*** Block opens ***

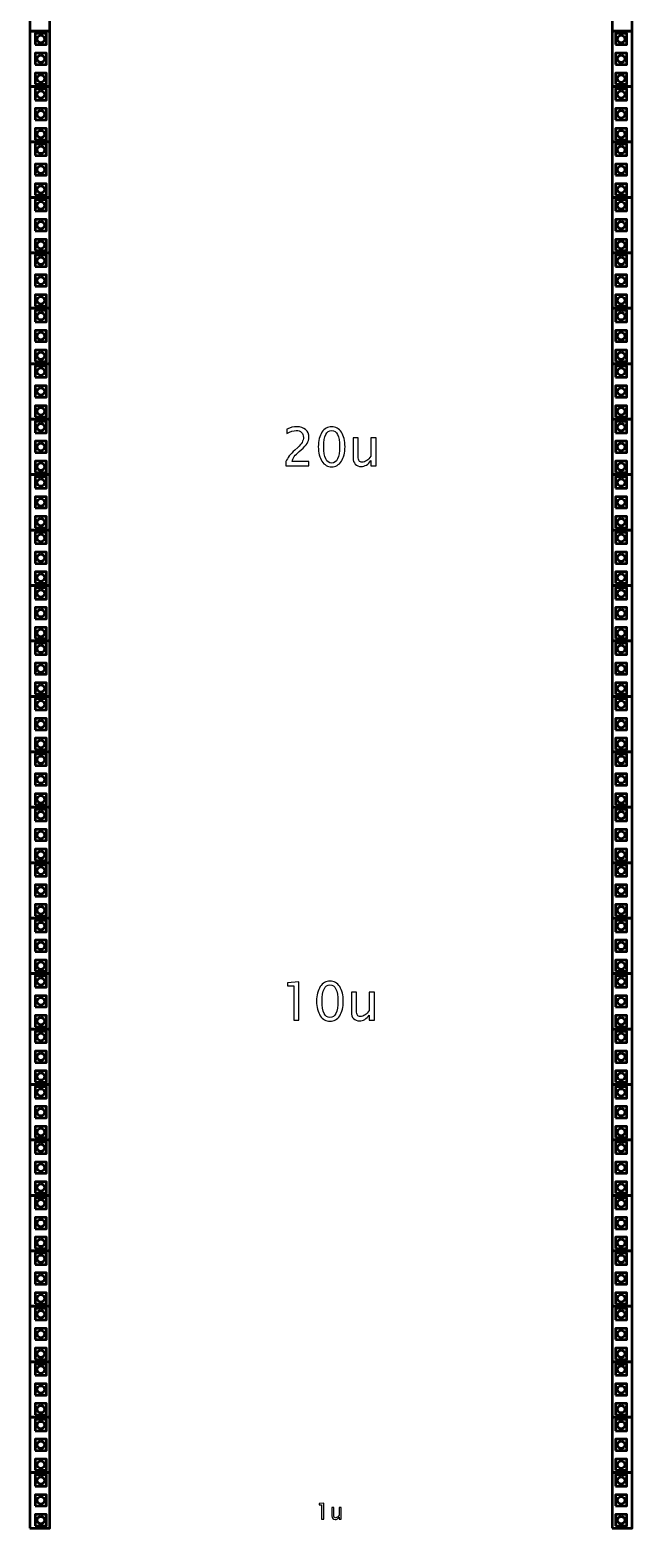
# Model space of a CAD drawing. Header units: centimetres. Extents: x -278 to 212, y -227 to 148.
# Drawn here: x -129.1 to -80.9, y -93.3 to 26.8 of the extents above; entities that cross this region are included whole.
import ezdxf

# ---------------------------------------------------------------- set-up
doc = ezdxf.new("R2010")
doc.units = ezdxf.units.CM
doc.header["$MEASUREMENT"] = 0
doc.layers.add('Layer 1', color=7, linetype='Continuous')

msp = doc.modelspace()

# ---------------------------------------------------------------- linework, layer by layer
at = {"layer": 'Layer 1', "lineweight": 53}
for points in [[(-129.12999, 26.67), (-127.54249, 26.67), (-127.54249, 31.115), (-129.12999, 31.115), (-129.12999, 26.67)], [(-82.45751, 26.67), (-80.87001, 26.67), (-80.87001, 31.115), (-82.45751, 31.115), (-82.45751, 26.67)], [(-129.12999, 22.225), (-127.54249, 22.225), (-127.54249, 26.67), (-129.12999, 26.67), (-129.12999, 22.225)], [(-128.70598, 25.585), (-127.80598, 25.585), (-127.80598, 26.485), (-128.70598, 26.485), (-128.70598, 25.585)], [(-82.45751, 22.225), (-80.87001, 22.225), (-80.87001, 26.67), (-82.45751, 26.67), (-82.45751, 22.225)], [(-82.19398, 25.585), (-81.29398, 25.585), (-81.29398, 26.485), (-82.19398, 26.485), (-82.19398, 25.585)], [(-128.70598, 23.9975), (-127.80598, 23.9975), (-127.80598, 24.8975), (-128.70598, 24.8975), (-128.70598, 23.9975)], [(-82.19398, 23.9975), (-81.29398, 23.9975), (-81.29398, 24.8975), (-82.19398, 24.8975), (-82.19398, 23.9975)], [(-128.70598, 22.41), (-127.80598, 22.41), (-127.80598, 23.31), (-128.70598, 23.31), (-128.70598, 22.41)], [(-82.19398, 22.41), (-81.29398, 22.41), (-81.29398, 23.31), (-82.19398, 23.31), (-82.19398, 22.41)], [(-129.12999, 17.78), (-127.54249, 17.78), (-127.54249, 22.225), (-129.12999, 22.225), (-129.12999, 17.78)], [(-128.70598, 21.14), (-127.80598, 21.14), (-127.80598, 22.04), (-128.70598, 22.04), (-128.70598, 21.14)], [(-82.45751, 17.78), (-80.87001, 17.78), (-80.87001, 22.225), (-82.45751, 22.225), (-82.45751, 17.78)], [(-82.19398, 21.14), (-81.29398, 21.14), (-81.29398, 22.04), (-82.19398, 22.04), (-82.19398, 21.14)], [(-128.70598, 19.5525), (-127.80598, 19.5525), (-127.80598, 20.4525), (-128.70598, 20.4525), (-128.70598, 19.5525)], [(-82.19398, 19.5525), (-81.29398, 19.5525), (-81.29398, 20.4525), (-82.19398, 20.4525), (-82.19398, 19.5525)], [(-128.70598, 17.965), (-127.80598, 17.965), (-127.80598, 18.865), (-128.70598, 18.865), (-128.70598, 17.965)], [(-82.19398, 17.965), (-81.29398, 17.965), (-81.29398, 18.865), (-82.19398, 18.865), (-82.19398, 17.965)], [(-129.12999, 13.335), (-127.54249, 13.335), (-127.54249, 17.78), (-129.12999, 17.78), (-129.12999, 13.335)], [(-128.70598, 16.695), (-127.80598, 16.695), (-127.80598, 17.595), (-128.70598, 17.595), (-128.70598, 16.695)], [(-82.45751, 13.335), (-80.87001, 13.335), (-80.87001, 17.78), (-82.45751, 17.78), (-82.45751, 13.335)], [(-82.19398, 16.695), (-81.29398, 16.695), (-81.29398, 17.595), (-82.19398, 17.595), (-82.19398, 16.695)], [(-128.70598, 15.1075), (-127.80598, 15.1075), (-127.80598, 16.0075), (-128.70598, 16.0075), (-128.70598, 15.1075)], [(-82.19398, 15.1075), (-81.29398, 15.1075), (-81.29398, 16.0075), (-82.19398, 16.0075), (-82.19398, 15.1075)], [(-128.70598, 13.52), (-127.80598, 13.52), (-127.80598, 14.42), (-128.70598, 14.42), (-128.70598, 13.52)], [(-82.19398, 13.52), (-81.29398, 13.52), (-81.29398, 14.42), (-82.19398, 14.42), (-82.19398, 13.52)], [(-129.12999, 8.89), (-127.54249, 8.89), (-127.54249, 13.335), (-129.12999, 13.335), (-129.12999, 8.89)], [(-82.45751, 8.89), (-80.87001, 8.89), (-80.87001, 13.335), (-82.45751, 13.335), (-82.45751, 8.89)], [(-128.70598, 12.25), (-127.80598, 12.25), (-127.80598, 13.15), (-128.70598, 13.15), (-128.70598, 12.25)], [(-82.19398, 12.25), (-81.29398, 12.25), (-81.29398, 13.15), (-82.19398, 13.15), (-82.19398, 12.25)], [(-128.70598, 10.6625), (-127.80598, 10.6625), (-127.80598, 11.5625), (-128.70598, 11.5625), (-128.70598, 10.6625)], [(-82.19398, 10.6625), (-81.29398, 10.6625), (-81.29398, 11.5625), (-82.19398, 11.5625), (-82.19398, 10.6625)], [(-128.70598, 9.075), (-127.80598, 9.075), (-127.80598, 9.975), (-128.70598, 9.975), (-128.70598, 9.075)], [(-82.19398, 9.075), (-81.29398, 9.075), (-81.29398, 9.975), (-82.19398, 9.975), (-82.19398, 9.075)], [(-129.12999, 4.445), (-127.54249, 4.445), (-127.54249, 8.89), (-129.12999, 8.89), (-129.12999, 4.445)], [(-128.70598, 7.805), (-127.80598, 7.805), (-127.80598, 8.705), (-128.70598, 8.705), (-128.70598, 7.805)], [(-82.45751, 4.445), (-80.87001, 4.445), (-80.87001, 8.89), (-82.45751, 8.89), (-82.45751, 4.445)], [(-82.19398, 7.805), (-81.29398, 7.805), (-81.29398, 8.705), (-82.19398, 8.705), (-82.19398, 7.805)], [(-128.70598, 6.2175), (-127.80598, 6.2175), (-127.80598, 7.1175), (-128.70598, 7.1175), (-128.70598, 6.2175)], [(-82.19398, 6.2175), (-81.29398, 6.2175), (-81.29398, 7.1175), (-82.19398, 7.1175), (-82.19398, 6.2175)], [(-128.70598, 4.63), (-127.80598, 4.63), (-127.80598, 5.53), (-128.70598, 5.53), (-128.70598, 4.63)], [(-82.19398, 4.63), (-81.29398, 4.63), (-81.29398, 5.53), (-82.19398, 5.53), (-82.19398, 4.63)], [(-129.12999, 0), (-127.54249, 0), (-127.54249, 4.445), (-129.12999, 4.445), (-129.12999, 0)], [(-128.70598, 3.36), (-127.80598, 3.36), (-127.80598, 4.26), (-128.70598, 4.26), (-128.70598, 3.36)], [(-82.45751, 0), (-80.87001, 0), (-80.87001, 4.445), (-82.45751, 4.445), (-82.45751, 0)], [(-82.19398, 3.36), (-81.29398, 3.36), (-81.29398, 4.26), (-82.19398, 4.26), (-82.19398, 3.36)], [(-128.70598, 1.7725), (-127.80598, 1.7725), (-127.80598, 2.6725), (-128.70598, 2.6725), (-128.70598, 1.7725)], [(-82.19398, 1.7725), (-81.29398, 1.7725), (-81.29398, 2.6725), (-82.19398, 2.6725), (-82.19398, 1.7725)], [(-129.12999, -4.445), (-127.54249, -4.445), (-127.54249, 0), (-129.12999, 0), (-129.12999, -4.445)], [(-128.70598, 0.185), (-127.80598, 0.185), (-127.80598, 1.085), (-128.70598, 1.085), (-128.70598, 0.185)], [(-82.45751, -4.445), (-80.87001, -4.445), (-80.87001, 0), (-82.45751, 0), (-82.45751, -4.445)], [(-82.19398, 0.185), (-81.29398, 0.185), (-81.29398, 1.085), (-82.19398, 1.085), (-82.19398, 0.185)], [(-128.70598, -1.085), (-127.80598, -1.085), (-127.80598, -0.185), (-128.70598, -0.185), (-128.70598, -1.085)], [(-82.19398, -1.085), (-81.29398, -1.085), (-81.29398, -0.185), (-82.19398, -0.185), (-82.19398, -1.085)], [(-128.70598, -2.6725), (-127.80598, -2.6725), (-127.80598, -1.7725), (-128.70598, -1.7725), (-128.70598, -2.6725)], [(-82.19398, -2.6725), (-81.29398, -2.6725), (-81.29398, -1.7725), (-82.19398, -1.7725), (-82.19398, -2.6725)], [(-128.70598, -4.26), (-127.80598, -4.26), (-127.80598, -3.36), (-128.70598, -3.36), (-128.70598, -4.26)], [(-82.19398, -4.26), (-81.29398, -4.26), (-81.29398, -3.36), (-82.19398, -3.36), (-82.19398, -4.26)], [(-129.12999, -8.89), (-127.54249, -8.89), (-127.54249, -4.445), (-129.12999, -4.445), (-129.12999, -8.89)], [(-128.70598, -5.53), (-127.80598, -5.53), (-127.80598, -4.63), (-128.70598, -4.63), (-128.70598, -5.53)], [(-82.45751, -8.89), (-80.87001, -8.89), (-80.87001, -4.445), (-82.45751, -4.445), (-82.45751, -8.89)], [(-82.19398, -5.53), (-81.29398, -5.53), (-81.29398, -4.63), (-82.19398, -4.63), (-82.19398, -5.53)], [(-128.70598, -7.1175), (-127.80598, -7.1175), (-127.80598, -6.2175), (-128.70598, -6.2175), (-128.70598, -7.1175)], [(-82.19398, -7.1175), (-81.29398, -7.1175), (-81.29398, -6.2175), (-82.19398, -6.2175), (-82.19398, -7.1175)], [(-128.70598, -8.705), (-127.80598, -8.705), (-127.80598, -7.805), (-128.70598, -7.805), (-128.70598, -8.705)], [(-82.19398, -8.705), (-81.29398, -8.705), (-81.29398, -7.805), (-82.19398, -7.805), (-82.19398, -8.705)], [(-129.12999, -13.335), (-127.54249, -13.335), (-127.54249, -8.89), (-129.12999, -8.89), (-129.12999, -13.335)], [(-128.70598, -9.975), (-127.80598, -9.975), (-127.80598, -9.075), (-128.70598, -9.075), (-128.70598, -9.975)], [(-82.45751, -13.335), (-80.87001, -13.335), (-80.87001, -8.89), (-82.45751, -8.89), (-82.45751, -13.335)], [(-82.19398, -9.975), (-81.29398, -9.975), (-81.29398, -9.075), (-82.19398, -9.075), (-82.19398, -9.975)], [(-128.70598, -11.5625), (-127.80598, -11.5625), (-127.80598, -10.6625), (-128.70598, -10.6625), (-128.70598, -11.5625)], [(-82.19398, -11.5625), (-81.29398, -11.5625), (-81.29398, -10.6625), (-82.19398, -10.6625), (-82.19398, -11.5625)], [(-128.70598, -13.15), (-127.80598, -13.15), (-127.80598, -12.25), (-128.70598, -12.25), (-128.70598, -13.15)], [(-82.19398, -13.15), (-81.29398, -13.15), (-81.29398, -12.25), (-82.19398, -12.25), (-82.19398, -13.15)], [(-129.12999, -17.78), (-127.54249, -17.78), (-127.54249, -13.335), (-129.12999, -13.335), (-129.12999, -17.78)], [(-128.70598, -14.42), (-127.80598, -14.42), (-127.80598, -13.52), (-128.70598, -13.52), (-128.70598, -14.42)], [(-82.45751, -17.78), (-80.87001, -17.78), (-80.87001, -13.335), (-82.45751, -13.335), (-82.45751, -17.78)], [(-82.19398, -14.42), (-81.29398, -14.42), (-81.29398, -13.52), (-82.19398, -13.52), (-82.19398, -14.42)], [(-128.70598, -16.0075), (-127.80598, -16.0075), (-127.80598, -15.1075), (-128.70598, -15.1075), (-128.70598, -16.0075)], [(-82.19398, -16.0075), (-81.29398, -16.0075), (-81.29398, -15.1075), (-82.19398, -15.1075), (-82.19398, -16.0075)], [(-128.70598, -17.595), (-127.80598, -17.595), (-127.80598, -16.695), (-128.70598, -16.695), (-128.70598, -17.595)], [(-82.19398, -17.595), (-81.29398, -17.595), (-81.29398, -16.695), (-82.19398, -16.695), (-82.19398, -17.595)], [(-129.12999, -22.225), (-127.54249, -22.225), (-127.54249, -17.78), (-129.12999, -17.78), (-129.12999, -22.225)], [(-128.70598, -18.865), (-127.80598, -18.865), (-127.80598, -17.965), (-128.70598, -17.965), (-128.70598, -18.865)], [(-82.45751, -22.225), (-80.87001, -22.225), (-80.87001, -17.78), (-82.45751, -17.78), (-82.45751, -22.225)], [(-82.19398, -18.865), (-81.29398, -18.865), (-81.29398, -17.965), (-82.19398, -17.965), (-82.19398, -18.865)], [(-128.70598, -20.4525), (-127.80598, -20.4525), (-127.80598, -19.5525), (-128.70598, -19.5525), (-128.70598, -20.4525)], [(-82.19398, -20.4525), (-81.29398, -20.4525), (-81.29398, -19.5525), (-82.19398, -19.5525), (-82.19398, -20.4525)], [(-128.70598, -22.04), (-127.80598, -22.04), (-127.80598, -21.14), (-128.70598, -21.14), (-128.70598, -22.04)], [(-82.19398, -22.04), (-81.29398, -22.04), (-81.29398, -21.14), (-82.19398, -21.14), (-82.19398, -22.04)], [(-129.12999, -26.67), (-127.54249, -26.67), (-127.54249, -22.225), (-129.12999, -22.225), (-129.12999, -26.67)], [(-128.70598, -23.31), (-127.80598, -23.31), (-127.80598, -22.41), (-128.70598, -22.41), (-128.70598, -23.31)], [(-82.45751, -26.67), (-80.87001, -26.67), (-80.87001, -22.225), (-82.45751, -22.225), (-82.45751, -26.67)], [(-82.19398, -23.31), (-81.29398, -23.31), (-81.29398, -22.41), (-82.19398, -22.41), (-82.19398, -23.31)], [(-128.70598, -24.8975), (-127.80598, -24.8975), (-127.80598, -23.9975), (-128.70598, -23.9975), (-128.70598, -24.8975)], [(-82.19398, -24.8975), (-81.29398, -24.8975), (-81.29398, -23.9975), (-82.19398, -23.9975), (-82.19398, -24.8975)], [(-128.70598, -26.485), (-127.80598, -26.485), (-127.80598, -25.585), (-128.70598, -25.585), (-128.70598, -26.485)], [(-82.19398, -26.485), (-81.29398, -26.485), (-81.29398, -25.585), (-82.19398, -25.585), (-82.19398, -26.485)], [(-129.12999, -31.115), (-127.54249, -31.115), (-127.54249, -26.67), (-129.12999, -26.67), (-129.12999, -31.115)], [(-128.70598, -27.755), (-127.80598, -27.755), (-127.80598, -26.855), (-128.70598, -26.855), (-128.70598, -27.755)], [(-82.45751, -31.115), (-80.87001, -31.115), (-80.87001, -26.67), (-82.45751, -26.67), (-82.45751, -31.115)], [(-82.19398, -27.755), (-81.29398, -27.755), (-81.29398, -26.855), (-82.19398, -26.855), (-82.19398, -27.755)], [(-128.70598, -29.3425), (-127.80598, -29.3425), (-127.80598, -28.4425), (-128.70598, -28.4425), (-128.70598, -29.3425)], [(-82.19398, -29.3425), (-81.29398, -29.3425), (-81.29398, -28.4425), (-82.19398, -28.4425), (-82.19398, -29.3425)], [(-129.12999, -35.56), (-127.54249, -35.56), (-127.54249, -31.115), (-129.12999, -31.115), (-129.12999, -35.56)], [(-128.70598, -30.93), (-127.80598, -30.93), (-127.80598, -30.03), (-128.70598, -30.03), (-128.70598, -30.93)], [(-82.45751, -35.56), (-80.87001, -35.56), (-80.87001, -31.115), (-82.45751, -31.115), (-82.45751, -35.56)], [(-82.19398, -30.93), (-81.29398, -30.93), (-81.29398, -30.03), (-82.19398, -30.03), (-82.19398, -30.93)], [(-128.70598, -32.2), (-127.80598, -32.2), (-127.80598, -31.3), (-128.70598, -31.3), (-128.70598, -32.2)], [(-82.19398, -32.2), (-81.29398, -32.2), (-81.29398, -31.3), (-82.19398, -31.3), (-82.19398, -32.2)], [(-128.70598, -33.7875), (-127.80598, -33.7875), (-127.80598, -32.8875), (-128.70598, -32.8875), (-128.70598, -33.7875)], [(-82.19398, -33.7875), (-81.29398, -33.7875), (-81.29398, -32.8875), (-82.19398, -32.8875), (-82.19398, -33.7875)], [(-128.70598, -35.375), (-127.80598, -35.375), (-127.80598, -34.475), (-128.70598, -34.475), (-128.70598, -35.375)], [(-82.19398, -35.375), (-81.29398, -35.375), (-81.29398, -34.475), (-82.19398, -34.475), (-82.19398, -35.375)], [(-129.12999, -40.005), (-127.54249, -40.005), (-127.54249, -35.56), (-129.12999, -35.56), (-129.12999, -40.005)], [(-128.70598, -36.645), (-127.80598, -36.645), (-127.80598, -35.745), (-128.70598, -35.745), (-128.70598, -36.645)], [(-82.45751, -40.005), (-80.87001, -40.005), (-80.87001, -35.56), (-82.45751, -35.56), (-82.45751, -40.005)], [(-82.19398, -36.645), (-81.29398, -36.645), (-81.29398, -35.745), (-82.19398, -35.745), (-82.19398, -36.645)], [(-128.70598, -38.2325), (-127.80598, -38.2325), (-127.80598, -37.3325), (-128.70598, -37.3325), (-128.70598, -38.2325)], [(-82.19398, -38.2325), (-81.29398, -38.2325), (-81.29398, -37.3325), (-82.19398, -37.3325), (-82.19398, -38.2325)], [(-128.70598, -39.82), (-127.80598, -39.82), (-127.80598, -38.92), (-128.70598, -38.92), (-128.70598, -39.82)], [(-82.19398, -39.82), (-81.29398, -39.82), (-81.29398, -38.92), (-82.19398, -38.92), (-82.19398, -39.82)], [(-129.12999, -44.45), (-127.54249, -44.45), (-127.54249, -40.005), (-129.12999, -40.005), (-129.12999, -44.45)], [(-128.70598, -41.09), (-127.80598, -41.09), (-127.80598, -40.19), (-128.70598, -40.19), (-128.70598, -41.09)], [(-82.45751, -44.45), (-80.87001, -44.45), (-80.87001, -40.005), (-82.45751, -40.005), (-82.45751, -44.45)], [(-82.19398, -41.09), (-81.29398, -41.09), (-81.29398, -40.19), (-82.19398, -40.19), (-82.19398, -41.09)], [(-128.70598, -42.6775), (-127.80598, -42.6775), (-127.80598, -41.7775), (-128.70598, -41.7775), (-128.70598, -42.6775)], [(-82.19398, -42.6775), (-81.29398, -42.6775), (-81.29398, -41.7775), (-82.19398, -41.7775), (-82.19398, -42.6775)], [(-128.70598, -44.265), (-127.80598, -44.265), (-127.80598, -43.365), (-128.70598, -43.365), (-128.70598, -44.265)], [(-82.19398, -44.265), (-81.29398, -44.265), (-81.29398, -43.365), (-82.19398, -43.365), (-82.19398, -44.265)], [(-129.12999, -48.895), (-127.54249, -48.895), (-127.54249, -44.45), (-129.12999, -44.45), (-129.12999, -48.895)], [(-128.70598, -45.535), (-127.80598, -45.535), (-127.80598, -44.635), (-128.70598, -44.635), (-128.70598, -45.535)], [(-82.45751, -48.895), (-80.87001, -48.895), (-80.87001, -44.45), (-82.45751, -44.45), (-82.45751, -48.895)], [(-82.19398, -45.535), (-81.29398, -45.535), (-81.29398, -44.635), (-82.19398, -44.635), (-82.19398, -45.535)], [(-128.70598, -47.1225), (-127.80598, -47.1225), (-127.80598, -46.2225), (-128.70598, -46.2225), (-128.70598, -47.1225)], [(-82.19398, -47.1225), (-81.29398, -47.1225), (-81.29398, -46.2225), (-82.19398, -46.2225), (-82.19398, -47.1225)], [(-128.70598, -48.71), (-127.80598, -48.71), (-127.80598, -47.81), (-128.70598, -47.81), (-128.70598, -48.71)], [(-82.19398, -48.71), (-81.29398, -48.71), (-81.29398, -47.81), (-82.19398, -47.81), (-82.19398, -48.71)], [(-129.12999, -53.34), (-127.54249, -53.34), (-127.54249, -48.895), (-129.12999, -48.895), (-129.12999, -53.34)], [(-128.70598, -49.98), (-127.80598, -49.98), (-127.80598, -49.08), (-128.70598, -49.08), (-128.70598, -49.98)], [(-82.45751, -53.34), (-80.87001, -53.34), (-80.87001, -48.895), (-82.45751, -48.895), (-82.45751, -53.34)], [(-82.19398, -49.98), (-81.29398, -49.98), (-81.29398, -49.08), (-82.19398, -49.08), (-82.19398, -49.98)], [(-128.70598, -51.5675), (-127.80598, -51.5675), (-127.80598, -50.6675), (-128.70598, -50.6675), (-128.70598, -51.5675)], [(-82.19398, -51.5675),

*** Block closes ***

Activity » The lines that contain the word "units" are wanted; copy each of them from the records.

Response area »
# Model space of a CAD drawing. Header units: centimetres. Extents: x -278 to 212, y -227 to 148.
doc.units = ezdxf.units.CM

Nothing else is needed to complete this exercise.